= Work to be completed =
Only one stretch of the material below is wanted: everything from the line containing "Sum/1 -> Current Controller/1(ei)" down to the line containing "Discrete-Time Integrator : DiscreteIntegrator", both ends included. Repeat it exactly and skip the pictures.

= Task material =
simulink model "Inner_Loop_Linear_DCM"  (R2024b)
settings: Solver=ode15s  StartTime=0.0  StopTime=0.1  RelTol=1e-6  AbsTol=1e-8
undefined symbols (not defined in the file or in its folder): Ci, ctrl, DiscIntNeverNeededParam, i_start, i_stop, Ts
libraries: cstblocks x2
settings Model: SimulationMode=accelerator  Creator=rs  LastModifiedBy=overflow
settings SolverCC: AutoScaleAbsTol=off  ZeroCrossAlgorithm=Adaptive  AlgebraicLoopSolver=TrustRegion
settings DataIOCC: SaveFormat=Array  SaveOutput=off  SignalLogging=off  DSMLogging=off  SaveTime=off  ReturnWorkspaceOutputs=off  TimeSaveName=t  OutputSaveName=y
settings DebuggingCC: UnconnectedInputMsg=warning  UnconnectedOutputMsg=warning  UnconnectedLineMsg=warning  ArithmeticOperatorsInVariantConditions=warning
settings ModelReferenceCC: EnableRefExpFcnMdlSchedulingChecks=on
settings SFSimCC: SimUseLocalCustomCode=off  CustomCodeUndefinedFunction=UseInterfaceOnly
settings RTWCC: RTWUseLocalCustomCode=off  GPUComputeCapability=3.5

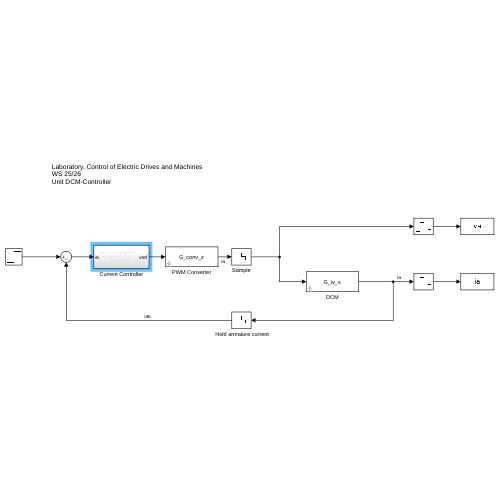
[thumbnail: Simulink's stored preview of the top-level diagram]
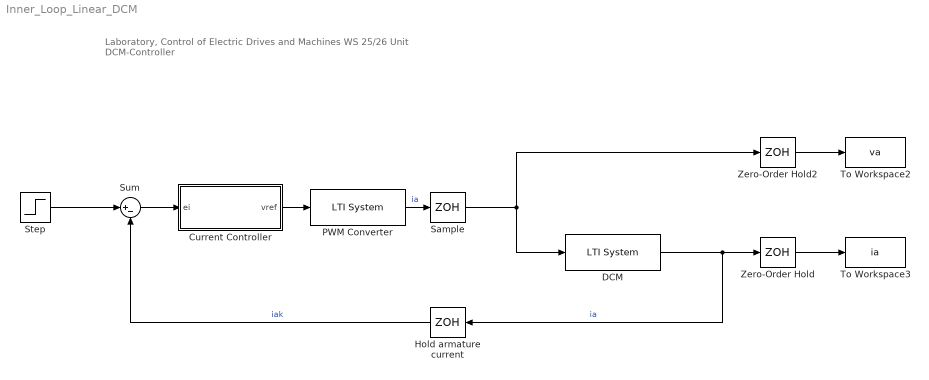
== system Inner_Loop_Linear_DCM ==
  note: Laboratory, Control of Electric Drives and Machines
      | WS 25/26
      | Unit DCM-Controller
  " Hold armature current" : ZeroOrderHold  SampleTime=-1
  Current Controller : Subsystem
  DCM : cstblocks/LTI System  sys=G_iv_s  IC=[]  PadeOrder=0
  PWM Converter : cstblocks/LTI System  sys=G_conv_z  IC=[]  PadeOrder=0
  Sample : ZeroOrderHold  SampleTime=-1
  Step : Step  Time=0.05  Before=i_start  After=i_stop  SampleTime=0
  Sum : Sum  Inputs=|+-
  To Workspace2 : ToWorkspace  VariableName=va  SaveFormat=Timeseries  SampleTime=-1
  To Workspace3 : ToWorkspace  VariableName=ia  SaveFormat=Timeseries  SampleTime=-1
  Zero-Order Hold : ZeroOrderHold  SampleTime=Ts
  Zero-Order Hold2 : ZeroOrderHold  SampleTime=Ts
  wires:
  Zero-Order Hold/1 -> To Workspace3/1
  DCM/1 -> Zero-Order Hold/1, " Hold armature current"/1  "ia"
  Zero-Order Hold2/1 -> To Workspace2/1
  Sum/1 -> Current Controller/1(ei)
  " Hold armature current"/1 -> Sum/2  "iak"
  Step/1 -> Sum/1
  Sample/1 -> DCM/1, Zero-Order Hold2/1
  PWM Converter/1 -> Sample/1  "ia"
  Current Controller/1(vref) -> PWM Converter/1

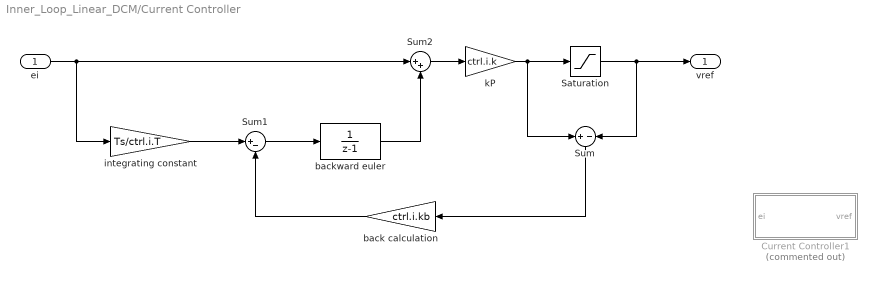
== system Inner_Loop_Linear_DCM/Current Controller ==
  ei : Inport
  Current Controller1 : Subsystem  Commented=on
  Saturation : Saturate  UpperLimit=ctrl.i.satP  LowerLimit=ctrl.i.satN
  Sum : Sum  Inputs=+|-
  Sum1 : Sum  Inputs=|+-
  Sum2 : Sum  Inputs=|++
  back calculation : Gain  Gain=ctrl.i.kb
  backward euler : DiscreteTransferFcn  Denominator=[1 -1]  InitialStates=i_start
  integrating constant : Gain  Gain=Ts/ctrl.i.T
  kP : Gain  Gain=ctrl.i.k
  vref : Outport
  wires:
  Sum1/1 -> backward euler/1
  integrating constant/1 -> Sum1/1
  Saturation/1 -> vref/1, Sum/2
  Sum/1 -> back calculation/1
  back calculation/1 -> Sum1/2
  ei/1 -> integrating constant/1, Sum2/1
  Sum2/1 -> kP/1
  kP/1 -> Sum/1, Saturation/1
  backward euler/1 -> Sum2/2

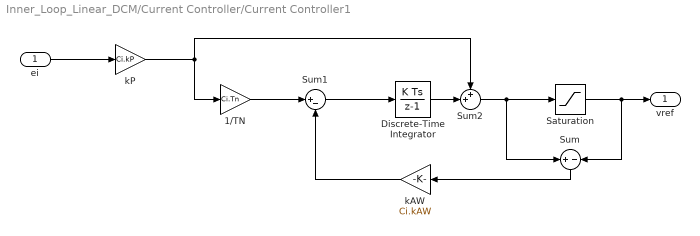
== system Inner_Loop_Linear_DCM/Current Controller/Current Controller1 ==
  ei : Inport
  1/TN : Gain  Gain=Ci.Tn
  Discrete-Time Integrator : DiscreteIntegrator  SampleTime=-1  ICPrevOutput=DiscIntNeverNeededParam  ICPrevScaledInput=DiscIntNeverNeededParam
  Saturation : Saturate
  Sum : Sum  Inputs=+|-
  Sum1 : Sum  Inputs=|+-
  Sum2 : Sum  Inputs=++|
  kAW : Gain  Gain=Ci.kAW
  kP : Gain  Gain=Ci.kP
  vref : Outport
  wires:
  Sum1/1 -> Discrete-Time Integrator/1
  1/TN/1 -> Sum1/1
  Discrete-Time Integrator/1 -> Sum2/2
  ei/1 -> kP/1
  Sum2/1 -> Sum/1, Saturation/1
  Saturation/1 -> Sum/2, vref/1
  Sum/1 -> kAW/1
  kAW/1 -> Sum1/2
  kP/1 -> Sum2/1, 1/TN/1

= Written answer =
  Sum/1 -> Current Controller/1(ei)
  " Hold armature current"/1 -> Sum/2  "iak"
  Step/1 -> Sum/1
  Sample/1 -> DCM/1, Zero-Order Hold2/1
  PWM Converter/1 -> Sample/1  "ia"
  Current Controller/1(vref) -> PWM Converter/1

== system Inner_Loop_Linear_DCM/Current Controller ==
  ei : Inport
  Current Controller1 : Subsystem  Commented=on
  Saturation : Saturate  UpperLimit=ctrl.i.satP  LowerLimit=ctrl.i.satN
  Sum : Sum  Inputs=+|-
  Sum1 : Sum  Inputs=|+-
  Sum2 : Sum  Inputs=|++
  back calculation : Gain  Gain=ctrl.i.kb
  backward euler : DiscreteTransferFcn  Denominator=[1 -1]  InitialStates=i_start
  integrating constant : Gain  Gain=Ts/ctrl.i.T
  kP : Gain  Gain=ctrl.i.k
  vref : Outport
  wires:
  Sum1/1 -> backward euler/1
  integrating constant/1 -> Sum1/1
  Saturation/1 -> vref/1, Sum/2
  Sum/1 -> back calculation/1
  back calculation/1 -> Sum1/2
  ei/1 -> integrating constant/1, Sum2/1
  Sum2/1 -> kP/1
  kP/1 -> Sum/1, Saturation/1
  backward euler/1 -> Sum2/2

== system Inner_Loop_Linear_DCM/Current Controller/Current Controller1 ==
  ei : Inport
  1/TN : Gain  Gain=Ci.Tn
  Discrete-Time Integrator : DiscreteIntegrator  SampleTime=-1  ICPrevOutput=DiscIntNeverNeededParam  ICPrevScaledInput=DiscIntNeverNeededParam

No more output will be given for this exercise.